Extracted records
——
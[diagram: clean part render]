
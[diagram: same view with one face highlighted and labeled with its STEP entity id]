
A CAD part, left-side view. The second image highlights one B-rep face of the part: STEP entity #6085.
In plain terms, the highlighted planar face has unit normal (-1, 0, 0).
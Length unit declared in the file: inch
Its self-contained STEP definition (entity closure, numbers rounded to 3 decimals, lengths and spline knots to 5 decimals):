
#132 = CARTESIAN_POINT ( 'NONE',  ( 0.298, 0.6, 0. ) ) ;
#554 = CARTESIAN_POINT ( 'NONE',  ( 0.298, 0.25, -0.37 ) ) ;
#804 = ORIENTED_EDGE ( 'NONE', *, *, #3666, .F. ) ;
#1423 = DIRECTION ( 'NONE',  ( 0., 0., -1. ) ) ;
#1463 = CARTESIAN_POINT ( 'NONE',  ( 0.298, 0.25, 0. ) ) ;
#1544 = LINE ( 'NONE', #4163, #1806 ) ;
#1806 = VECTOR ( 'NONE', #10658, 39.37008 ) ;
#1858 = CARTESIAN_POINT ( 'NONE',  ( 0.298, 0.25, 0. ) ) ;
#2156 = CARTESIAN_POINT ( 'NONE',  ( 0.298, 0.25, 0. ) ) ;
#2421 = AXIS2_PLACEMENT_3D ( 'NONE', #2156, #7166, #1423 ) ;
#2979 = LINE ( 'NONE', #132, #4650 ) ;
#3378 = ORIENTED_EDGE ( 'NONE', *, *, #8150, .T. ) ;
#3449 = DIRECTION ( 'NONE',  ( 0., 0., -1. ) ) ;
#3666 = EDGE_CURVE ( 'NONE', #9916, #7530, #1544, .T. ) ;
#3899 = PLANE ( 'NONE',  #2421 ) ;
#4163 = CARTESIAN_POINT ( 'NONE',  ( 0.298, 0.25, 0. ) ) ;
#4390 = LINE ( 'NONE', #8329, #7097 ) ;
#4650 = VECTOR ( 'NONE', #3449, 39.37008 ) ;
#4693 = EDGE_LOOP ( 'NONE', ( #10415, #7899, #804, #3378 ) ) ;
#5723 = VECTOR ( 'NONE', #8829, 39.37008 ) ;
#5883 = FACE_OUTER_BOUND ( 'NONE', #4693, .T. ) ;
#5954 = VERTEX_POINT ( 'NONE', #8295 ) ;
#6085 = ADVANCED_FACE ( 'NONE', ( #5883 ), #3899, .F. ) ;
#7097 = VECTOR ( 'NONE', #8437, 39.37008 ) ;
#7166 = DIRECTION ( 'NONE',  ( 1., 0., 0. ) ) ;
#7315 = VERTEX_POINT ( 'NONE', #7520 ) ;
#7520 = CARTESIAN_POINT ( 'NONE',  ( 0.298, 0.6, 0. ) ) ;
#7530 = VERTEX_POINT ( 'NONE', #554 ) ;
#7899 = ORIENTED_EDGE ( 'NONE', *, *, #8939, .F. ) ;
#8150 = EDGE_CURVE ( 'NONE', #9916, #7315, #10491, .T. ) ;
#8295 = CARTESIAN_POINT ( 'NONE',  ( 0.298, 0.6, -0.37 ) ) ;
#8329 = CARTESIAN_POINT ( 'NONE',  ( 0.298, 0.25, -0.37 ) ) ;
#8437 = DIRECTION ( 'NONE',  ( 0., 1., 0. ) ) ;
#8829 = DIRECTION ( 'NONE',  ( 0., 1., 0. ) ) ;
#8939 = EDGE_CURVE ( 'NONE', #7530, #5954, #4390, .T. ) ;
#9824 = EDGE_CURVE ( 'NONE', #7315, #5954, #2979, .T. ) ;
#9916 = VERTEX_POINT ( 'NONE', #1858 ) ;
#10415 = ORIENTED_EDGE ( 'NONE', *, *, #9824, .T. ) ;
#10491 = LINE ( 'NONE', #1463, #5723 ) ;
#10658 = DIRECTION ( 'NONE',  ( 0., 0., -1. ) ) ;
——
* Directions *
Each line of the data must be set down again as it is.

* Written response *
[diagram: clean part render]
[diagram: same view with one face highlighted and labeled with its STEP entity id]
A CAD part, left-side view. The second image highlights one B-rep face of the part: STEP entity #6085.
In plain terms, the highlighted planar face has unit normal (-1, 0, 0).
Length unit declared in the file: inch
Its self-contained STEP definition (entity closure, numbers rounded to 3 decimals, lengths and spline knots to 5 decimals):
#132 = CARTESIAN_POINT ( 'NONE',  ( 0.298, 0.6, 0. ) ) ;
#554 = CARTESIAN_POINT ( 'NONE',  ( 0.298, 0.25, -0.37 ) ) ;
#804 = ORIENTED_EDGE ( 'NONE', *, *, #3666, .F. ) ;
#1423 = DIRECTION ( 'NONE',  ( 0., 0., -1. ) ) ;
#1463 = CARTESIAN_POINT ( 'NONE',  ( 0.298, 0.25, 0. ) ) ;
#1544 = LINE ( 'NONE', #4163, #1806 ) ;
#1806 = VECTOR ( 'NONE', #10658, 39.37008 ) ;
#1858 = CARTESIAN_POINT ( 'NONE',  ( 0.298, 0.25, 0. ) ) ;
#2156 = CARTESIAN_POINT ( 'NONE',  ( 0.298, 0.25, 0. ) ) ;
#2421 = AXIS2_PLACEMENT_3D ( 'NONE', #2156, #7166, #1423 ) ;
#2979 = LINE ( 'NONE', #132, #4650 ) ;
#3378 = ORIENTED_EDGE ( 'NONE', *, *, #8150, .T. ) ;
#3449 = DIRECTION ( 'NONE',  ( 0., 0., -1. ) ) ;
#3666 = EDGE_CURVE ( 'NONE', #9916, #7530, #1544, .T. ) ;
#3899 = PLANE ( 'NONE',  #2421 ) ;
#4163 = CARTESIAN_POINT ( 'NONE',  ( 0.298, 0.25, 0. ) ) ;
#4390 = LINE ( 'NONE', #8329, #7097 ) ;
#4650 = VECTOR ( 'NONE', #3449, 39.37008 ) ;
#4693 = EDGE_LOOP ( 'NONE', ( #10415, #7899, #804, #3378 ) ) ;
#5723 = VECTOR ( 'NONE', #8829, 39.37008 ) ;
#5883 = FACE_OUTER_BOUND ( 'NONE', #4693, .T. ) ;
#5954 = VERTEX_POINT ( 'NONE', #8295 ) ;
#6085 = ADVANCED_FACE ( 'NONE', ( #5883 ), #3899, .F. ) ;
#7097 = VECTOR ( 'NONE', #8437, 39.37008 ) ;
#7166 = DIRECTION ( 'NONE',  ( 1., 0., 0. ) ) ;
#7315 = VERTEX_POINT ( 'NONE', #7520 ) ;
#7520 = CARTESIAN_POINT ( 'NONE',  ( 0.298, 0.6, 0. ) ) ;
#7530 = VERTEX_POINT ( 'NONE', #554 ) ;
#7899 = ORIENTED_EDGE ( 'NONE', *, *, #8939, .F. ) ;
#8150 = EDGE_CURVE ( 'NONE', #9916, #7315, #10491, .T. ) ;
#8295 = CARTESIAN_POINT ( 'NONE',  ( 0.298, 0.6, -0.37 ) ) ;
#8329 = CARTESIAN_POINT ( 'NONE',  ( 0.298, 0.25, -0.37 ) ) ;
#8437 = DIRECTION ( 'NONE',  ( 0., 1., 0. ) ) ;
#8829 = DIRECTION ( 'NONE',  ( 0., 1., 0. ) ) ;
#8939 = EDGE_CURVE ( 'NONE', #7530, #5954, #4390, .T. ) ;
#9824 = EDGE_CURVE ( 'NONE', #7315, #5954, #2979, .T. ) ;
#9916 = VERTEX_POINT ( 'NONE', #1858 ) ;
#10415 = ORIENTED_EDGE ( 'NONE', *, *, #9824, .T. ) ;
#10491 = LINE ( 'NONE', #1463, #5723 ) ;
#10658 = DIRECTION ( 'NONE',  ( 0., 0., -1. ) ) ;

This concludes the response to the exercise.